Over three decades ago, Selective Electronic, known today as LMI Selcom, developed the first in a line of non-contact laser sensors that would transfigure quality control procedures in the tire industry. In the years to follow, the company honed its sensors' capabilities, creating more rugged products ideal for non-invasive measurement of rubber in numerous application areas.

A sensor line was created that was one of the first to measure fresh uncured rubber from an extruder or calender, characterized as one of the harshest environments for a sensor to consistently measure with any accuracy.

As the tire industry continues to become more competitive, LMI Selcom will continue to place increased importance on the need to enhance automation, lower material cost and continue reduction of waste.

Trends in the use of laser sensor measurement in a variety of rubber and tire applications have grown as the technology to support such products has evolved. Overall, reliability and accuracy of laser sensors have greatly increased and provide added benefits that can yield millions of dollars in savings over a long term quality control program.

Basic objective of measurement using laser triangulation

For all on- and off-line applications, laser sensors are used in the rubber and tire industry to enhance competitiveness by improving productivity. Basic benefits of using laser sensors for quality control include:

* increasing yield and productivity,

* increasing quality by providing 100% product inspection,

* reducing scrap production and rejects, and

* improving work environment.

A facility cannot afford high rejection rates in tire uniformity that would result in waste and lost production time. By initiating a quality control program using laser sensors, problems with poor quality or unusable product can greatly be reduced.

Measurement principal of laser sensors

Sensors for the rubber and tire industry use the "optical laser triangulation measurement" method to accurately measure objects or systems. With this technique, a beam of light is projected from the sensor to the surface to be measured. This technique is sometimes referred to as a "structured light" and is the equivalent of an automated light section microscope. At the surface, the laser projects a spot of light at one point. At some angle to the laser beam, a lens is used to form an image or "picture" of this spot at an image plane known as a detector. If the surface is farther away from the sensor, the spot on the detector shifts to a different point. By determining the position of the imaged spot and calculating the angles involved, the distance from the sensor on the surface can be determined.

It is important to understand that triangulation involves imaging of the spot (essentially taking a picture of the spot on the surface), and not just collecting reflected light from the surface.

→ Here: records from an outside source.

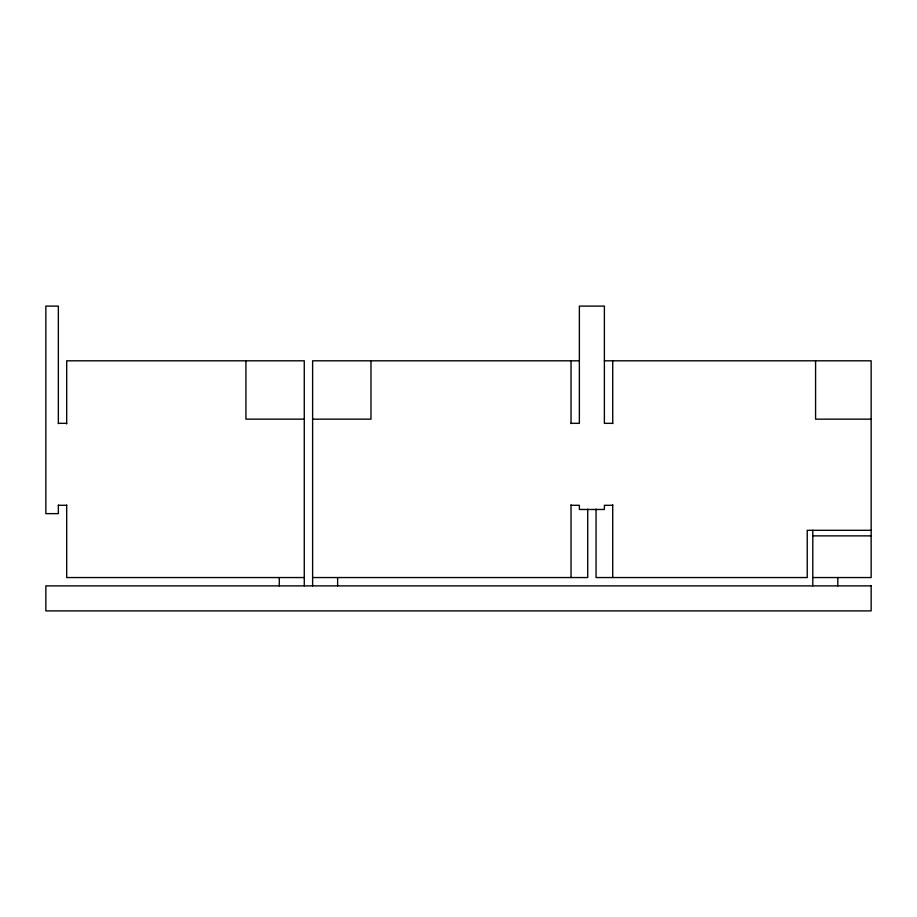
<?xml version="1.0" encoding="UTF-8"?>
<svg xmlns="http://www.w3.org/2000/svg" width="917" height="917" viewBox="0 0 917 917"><rect width="100%" height="100%" fill="white"/><g stroke="black" fill="none" stroke-linecap="round" stroke-linejoin="round"><path stroke-width="1.38" d="M579.372 360.805L312.617 360.805L312.617 585.883M604.383 360.805L871.15 360.805L871.15 577.55L812.794 577.55M304.272 419.161L245.928 419.161L245.928 360.805M312.617 419.161L370.972 419.161L370.972 360.805M871.15 419.161L815.58 419.161L815.58 360.805M58.356 423.333L66.689 423.333M571.039 423.333L579.372 423.333L579.372 306.106L604.383 306.106L604.383 423.333L612.728 423.333M58.356 505.301L66.689 505.301M571.039 505.301L579.372 505.301L579.372 509.474L604.383 509.474L604.383 505.301L612.728 505.301M871.15 530.313L807.235 530.313L807.235 577.55L596.05 577.55L596.05 509.107M812.794 535.872L871.15 535.872M304.272 577.55L66.689 577.55L66.689 505.015M312.617 577.55L587.717 577.55L587.717 509.107M837.806 577.55L837.806 585.883M812.794 530.313L812.794 585.883M612.728 360.805L612.728 423.551M612.728 504.831L612.728 577.55M571.039 360.805L571.039 423.551M571.039 504.831L571.039 577.55M337.628 577.55L337.628 585.883M304.272 585.883L304.272 360.805L66.689 360.805L66.689 423.952M279.272 577.55L279.272 585.883M58.356 423.654L58.356 306.106L45.85 306.106L45.85 513.635L58.356 513.635L58.356 505.072M871.15 585.883L45.85 585.883L45.85 610.894L871.15 610.894L871.15 585.883"/></g></svg>
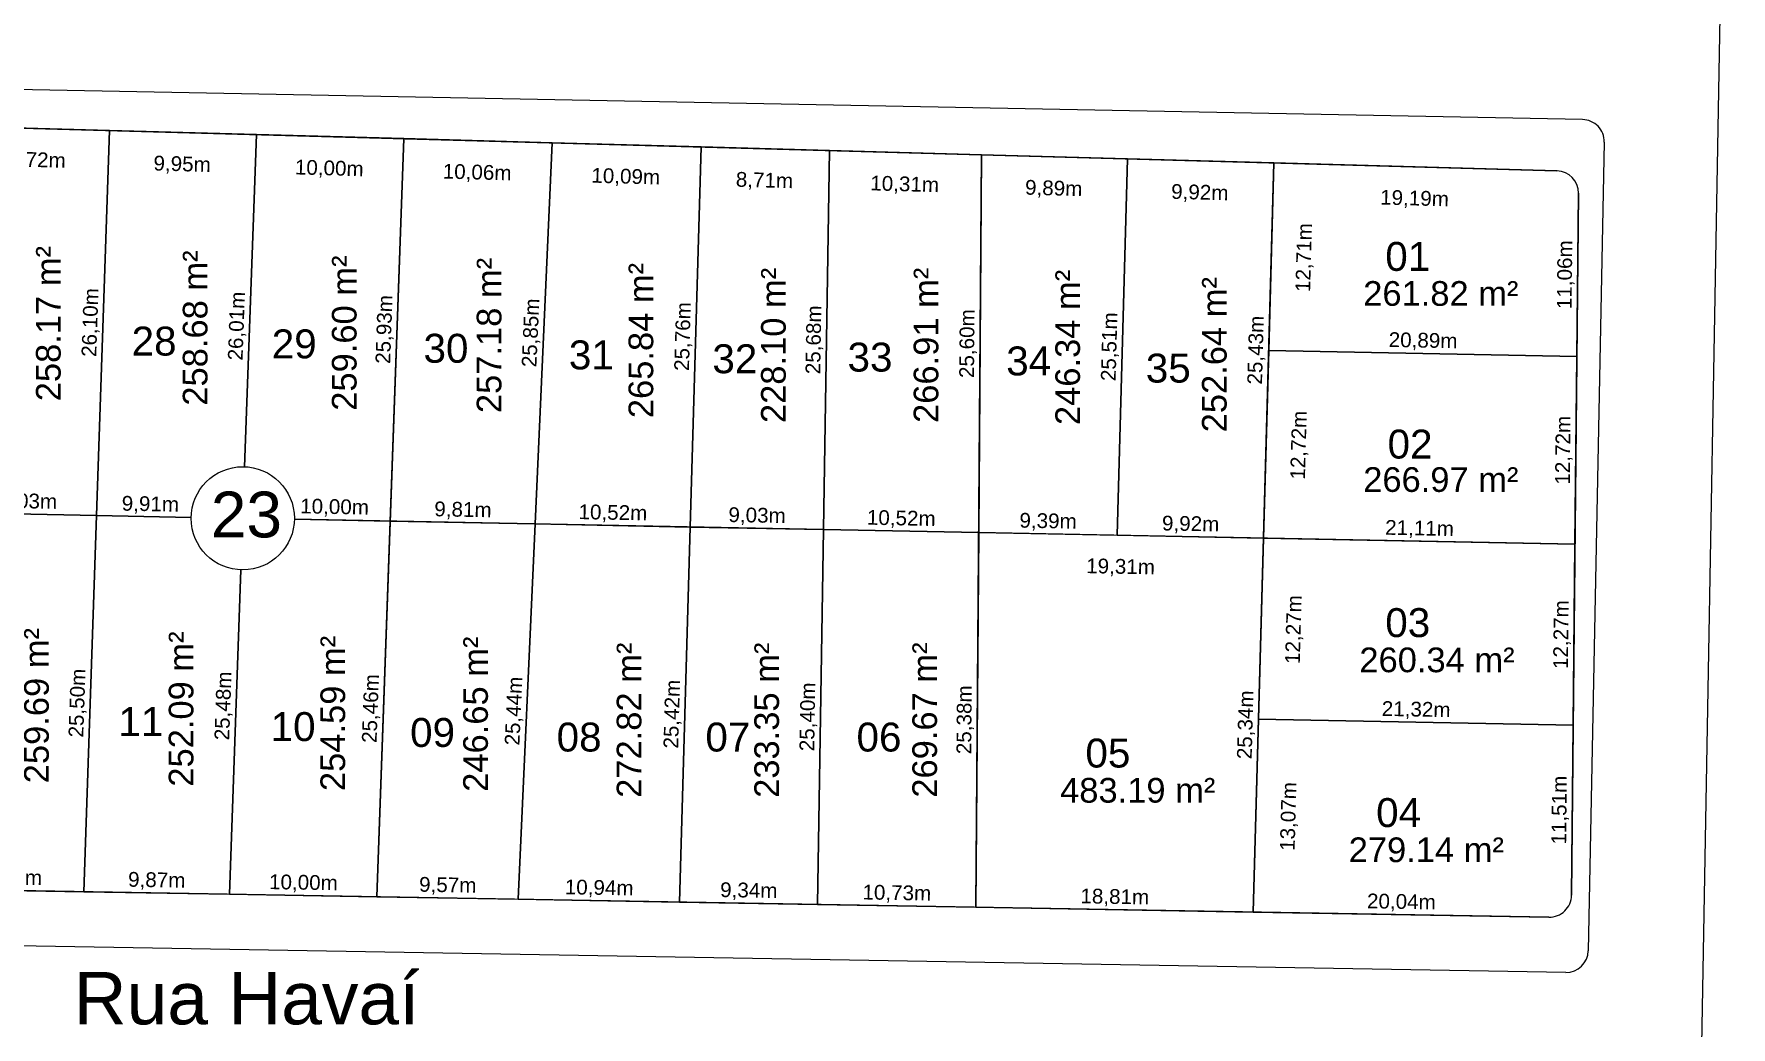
# Model space of a CAD drawing. Header units: metres. Extents: x 3808 to 8215, y 2374 to 6187.
# Drawn here: x 5308.2 to 5423.2, y 5233.5 to 5300.8 of the extents above; entities that cross this region are included whole.
import ezdxf
from ezdxf.enums import TextEntityAlignment as Align

# ---------------------------------------------------------------- set-up
doc = ezdxf.new("R2010")
doc.units = ezdxf.units.M
doc.linetypes.add('CONTINUO', pattern=[0])
for name, color, linetype in [('Areas Lotes', 1, 'Continuous'), ('Calçada', 8, 'Continuous'), ('COTAS', 7, 'Continuous'), ('Lote', 7, 'Continuous'), ('Nome das Ruas', 7, 'Continuous'), ('Nº Lote', 7, 'Continuous'), ('Nº. quadra', 7, 'Continuous'), ('q', 9, 'CONTINUO'), ('quadras', 7, 'Continuous')]:
    doc.layers.add(name, color=color, linetype=linetype)
doc.styles.add('Arial', font='arial.ttf')
doc.dimstyles.new('Copy(2) of ISO-25', dxfattribs={"dimtxt": 1, "dimasz": 2.5, "dimexe": 1.25, "dimexo": 0.625, "dimgap": 0.2, "dimtad": 1, "dimtoh": 1, "dimlfac": 1, "dimzin": 1, "dimtxsty": 'Arial', "dimblk": 'NONE', "dimcen": 0, "dimse1": 1, "dimse2": 1, "dimsd1": 1, "dimsd2": 1, "dimclrt": 256, "dimaunit": 1, "dimadec": 3, "dimazin": 0, "dimtfac": 1, "dimtmove": 0, "dimatfit": 3, "dimldrblk": 'NONE', "dimfxl": 1, "dimtolj": 1, "dimtzin": 0, "dimarcsym": 0})

# ---------------------------------------------------------------- blocks, each defined once
blk = doc.blocks.new('*D5734')
at = {"layer": 'Defpoints', "color": 0, "linetype": 'Continuous', "transparency": 16777216}
for p in [(5390.87, 5241.31), (5390.87, 5241.31), (5410.91, 5240.96)]:
    blk.add_point(p, dxfattribs=at)
at = {"layer": 'COTAS', "linetype": 'Continuous', "lineweight": 5, "transparency": 16777216, "insert": (5400.91, 5241.93), "char_height": 1, "attachment_point": 5, "rotation": 359.0036, "style": 'Arial'}
blk.add_mtext('\\A1;20,04m', dxfattribs=at)
blk = doc.blocks.new('_None')
blk = doc.blocks.new('*D5735')
at = {"layer": 'Defpoints', "color": 0, "linetype": 'Continuous', "transparency": 16777216}
for p in [(5372.07, 5241.64), (5372.07, 5241.64), (5390.87, 5241.31)]:
    blk.add_point(p, dxfattribs=at)
at = {"layer": 'COTAS', "linetype": 'Continuous', "lineweight": 5, "transparency": 16777216, "insert": (5381.49, 5242.27), "char_height": 1, "attachment_point": 5, "rotation": 359.0036, "style": 'Arial'}
blk.add_mtext('\\A1;18,81m', dxfattribs=at)
blk = doc.blocks.new('*D5736')
at = {"layer": 'Defpoints', "color": 0, "linetype": 'Continuous', "transparency": 16777216}
for p in [(5361.34, 5241.82), (5361.34, 5241.82), (5372.07, 5241.64)]:
    blk.add_point(p, dxfattribs=at)
at = {"layer": 'COTAS', "linetype": 'Continuous', "lineweight": 5, "transparency": 16777216, "insert": (5366.72, 5242.53), "char_height": 1, "attachment_point": 5, "rotation": 359.0036, "style": 'Arial'}
blk.add_mtext('\\A1;10,73m', dxfattribs=at)
blk = doc.blocks.new('*D5737')
at = {"layer": 'Defpoints', "color": 0, "linetype": 'Continuous', "transparency": 16777216}
for p in [(5352, 5241.98), (5352, 5241.98), (5361.34, 5241.82)]:
    blk.add_point(p, dxfattribs=at)
at = {"layer": 'COTAS', "linetype": 'Continuous', "lineweight": 5, "transparency": 16777216, "insert": (5356.69, 5242.7), "char_height": 1, "attachment_point": 5, "rotation": 359.0036, "style": 'Arial'}
blk.add_mtext('\\A1;9,34m', dxfattribs=at)
blk = doc.blocks.new('*D5738')
at = {"layer": 'Defpoints', "color": 0, "linetype": 'Continuous', "transparency": 16777216}
for p in [(5341.06, 5242.17), (5341.06, 5242.17), (5352, 5241.98)]:
    blk.add_point(p, dxfattribs=at)
at = {"layer": 'COTAS', "linetype": 'Continuous', "lineweight": 5, "transparency": 16777216, "insert": (5346.55, 5242.88), "char_height": 1, "attachment_point": 5, "rotation": 359.0036, "style": 'Arial'}
blk.add_mtext('\\A1;10,94m', dxfattribs=at)
blk = doc.blocks.new('*D5739')
at = {"layer": 'Defpoints', "color": 0, "linetype": 'Continuous', "transparency": 16777216}
for p in [(5331.49, 5242.34), (5331.49, 5242.17), (5341.06, 5242.17)]:
    blk.add_point(p, dxfattribs=at)
at = {"layer": 'COTAS', "linetype": 'Continuous', "lineweight": 5, "transparency": 16777216, "insert": (5336.29, 5243.06), "char_height": 1, "attachment_point": 5, "rotation": 359.0036, "style": 'Arial'}
blk.add_mtext('\\A1;9,57m', dxfattribs=at)
blk = doc.blocks.new('*D5740')
at = {"layer": 'Defpoints', "color": 0, "linetype": 'Continuous', "transparency": 16777216}
for p in [(5321.5, 5242.51), (5321.5, 5242.51), (5331.49, 5242.17)]:
    blk.add_point(p, dxfattribs=at)
at = {"layer": 'COTAS', "linetype": 'Continuous', "lineweight": 5, "transparency": 16777216, "insert": (5326.51, 5243.23), "char_height": 1, "attachment_point": 5, "rotation": 359.0036, "style": 'Arial'}
blk.add_mtext('\\A1;10,00m', dxfattribs=at)
blk = doc.blocks.new('*D5741')
at = {"layer": 'Defpoints', "color": 0, "linetype": 'Continuous', "transparency": 16777216}
for p in [(5311.62, 5242.69), (5311.62, 5242.69), (5321.5, 5242.51)]:
    blk.add_point(p, dxfattribs=at)
at = {"layer": 'COTAS', "linetype": 'Continuous', "lineweight": 5, "transparency": 16777216, "insert": (5316.57, 5243.4), "char_height": 1, "attachment_point": 5, "rotation": 359.0036, "style": 'Arial'}
blk.add_mtext('\\A1;9,87m', dxfattribs=at)
blk = doc.blocks.new('*D5742')
at = {"layer": 'Defpoints', "color": 0, "linetype": 'Continuous', "transparency": 16777216}
for p in [(5301.29, 5242.87), (5301.29, 5242.87), (5311.62, 5242.69)]:
    blk.add_point(p, dxfattribs=at)
at = {"layer": 'COTAS', "linetype": 'Continuous', "lineweight": 5, "transparency": 16777216, "insert": (5306.47, 5243.58), "char_height": 1, "attachment_point": 5, "rotation": 359.0036, "style": 'Arial'}
blk.add_mtext('\\A1;10,33m', dxfattribs=at)
blk = doc.blocks.new('*D5759')
at = {"layer": 'Defpoints', "color": 0, "linetype": 'Continuous', "transparency": 16777216}
for p in [(5303.66, 5294.52), (5313.38, 5294.25), (5313.3, 5291.24)]:
    blk.add_point(p, dxfattribs=at)
at = {"layer": 'COTAS', "linetype": 'Continuous', "lineweight": 5, "transparency": 16777216, "insert": (5308.46, 5292.18), "char_height": 1, "attachment_point": 5, "rotation": 358.4051, "style": 'Arial'}
blk.add_mtext('\\A1;9,72m', dxfattribs=at)
blk = doc.blocks.new('*D5760')
at = {"layer": 'Defpoints', "color": 0, "linetype": 'Continuous', "transparency": 16777216}
for p in [(5313.38, 5294.25), (5323.32, 5293.97), (5323.24, 5290.96)]:
    blk.add_point(p, dxfattribs=at)
at = {"layer": 'COTAS', "linetype": 'Continuous', "lineweight": 5, "transparency": 16777216, "insert": (5318.29, 5291.9), "char_height": 1, "attachment_point": 5, "rotation": 358.4051, "style": 'Arial'}
blk.add_mtext('\\A1;9,95m', dxfattribs=at)
blk = doc.blocks.new('*D5761')
at = {"layer": 'Defpoints', "color": 0, "linetype": 'Continuous', "transparency": 16777216}
for p in [(5323.32, 5293.97), (5333.32, 5293.7), (5333.24, 5290.68)]:
    blk.add_point(p, dxfattribs=at)
at = {"layer": 'COTAS', "linetype": 'Continuous', "lineweight": 5, "transparency": 16777216, "insert": (5328.26, 5291.62), "char_height": 1, "attachment_point": 5, "rotation": 358.4051, "style": 'Arial'}
blk.add_mtext('\\A1;10,00m', dxfattribs=at)
blk = doc.blocks.new('*D5762')
at = {"layer": 'Defpoints', "color": 0, "linetype": 'Continuous', "transparency": 16777216}
for p in [(5333.32, 5293.7), (5343.37, 5293.42), (5343.29, 5290.4)]:
    blk.add_point(p, dxfattribs=at)
at = {"layer": 'COTAS', "linetype": 'Continuous', "lineweight": 5, "transparency": 16777216, "insert": (5338.28, 5291.34), "char_height": 1, "attachment_point": 5, "rotation": 358.4051, "style": 'Arial'}
blk.add_mtext('\\A1;10,06m', dxfattribs=at)
blk = doc.blocks.new('*D5763')
at = {"layer": 'Defpoints', "color": 0, "linetype": 'Continuous', "transparency": 16777216}
for p in [(5343.37, 5293.42), (5353.46, 5293.2), (5353.37, 5290.12)]:
    blk.add_point(p, dxfattribs=at)
at = {"layer": 'COTAS', "linetype": 'Continuous', "lineweight": 5, "transparency": 16777216, "insert": (5348.35, 5291.06), "char_height": 1, "attachment_point": 5, "rotation": 358.4051, "style": 'Arial'}
blk.add_mtext('\\A1;10,09m', dxfattribs=at)
blk = doc.blocks.new('*D5764')
at = {"layer": 'Defpoints', "color": 0, "linetype": 'Continuous', "transparency": 16777216}
for p in [(5353.46, 5293.2), (5362.16, 5292.89), (5362.08, 5289.88)]:
    blk.add_point(p, dxfattribs=at)
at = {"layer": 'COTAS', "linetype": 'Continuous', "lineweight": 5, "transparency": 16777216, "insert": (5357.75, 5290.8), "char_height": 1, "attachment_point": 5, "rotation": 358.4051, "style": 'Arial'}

Spot size and surface effects

A general rule for best sensor performance is that the spot size on the surface must be small. For large, flat, uniform surfaces, this is not a major issue, but for small objects or surfaces of large curvature, spot size becomes very important. The spot size can be no larger than the feature to be measured. If a small feature is precisely positioned beneath the laser beam, the beam must be smaller than the feature. If, however, the sensor is to be scanned over a surface and a small feature found, a good rule of thumb is that the spot size must be less than one-tenth the size of the smallest feature to be measured.

The challenge for laser sensor manufacturers is to meet demands for the rubber and tire industry for longer stand-off distances without sacrificing accuracy. Stand-off distances of up to 400 mm are now available for rubber and tire applications.

In rubber and tire applications where spot size is important, the sensor should be mounted with the laser beam as close to perpendicular to the surface as possible. If the laser is at an angle to the surface, the spot size on the surface will be elongated, proportional to the angle away from normal.


An important issue in proper sensor operation for a specific application relates to the surface being measured, and how its reflectivity may change. Since triangulation operates by imaging light reflected from the surface, a change in reflectivity will change the level or intensity of light reaching the detector. Reflectivity is influenced by several factors, including color and surface finish of the materials being measured.

Rubber measurement has often been a problem for laser sensors due to its inevitable characteristics as hot, sticky and smoking targets play havoc on accuracy. Recent technologies have evolved to ,handle these situations with a greater accuracy and reliability than in the past.

Detector types

Since triangulation requires finding the location at the center of the imaged spot, the imaging detector must be capable of detecting the spot location. While a number of types of detectors are available, two main types of detectors are used in triangulation sensors. Both are fully solid state, and are integrated circuit chips with rugged construction and reliable performance, even in hostile environments, when properly packaged in a sensor housing.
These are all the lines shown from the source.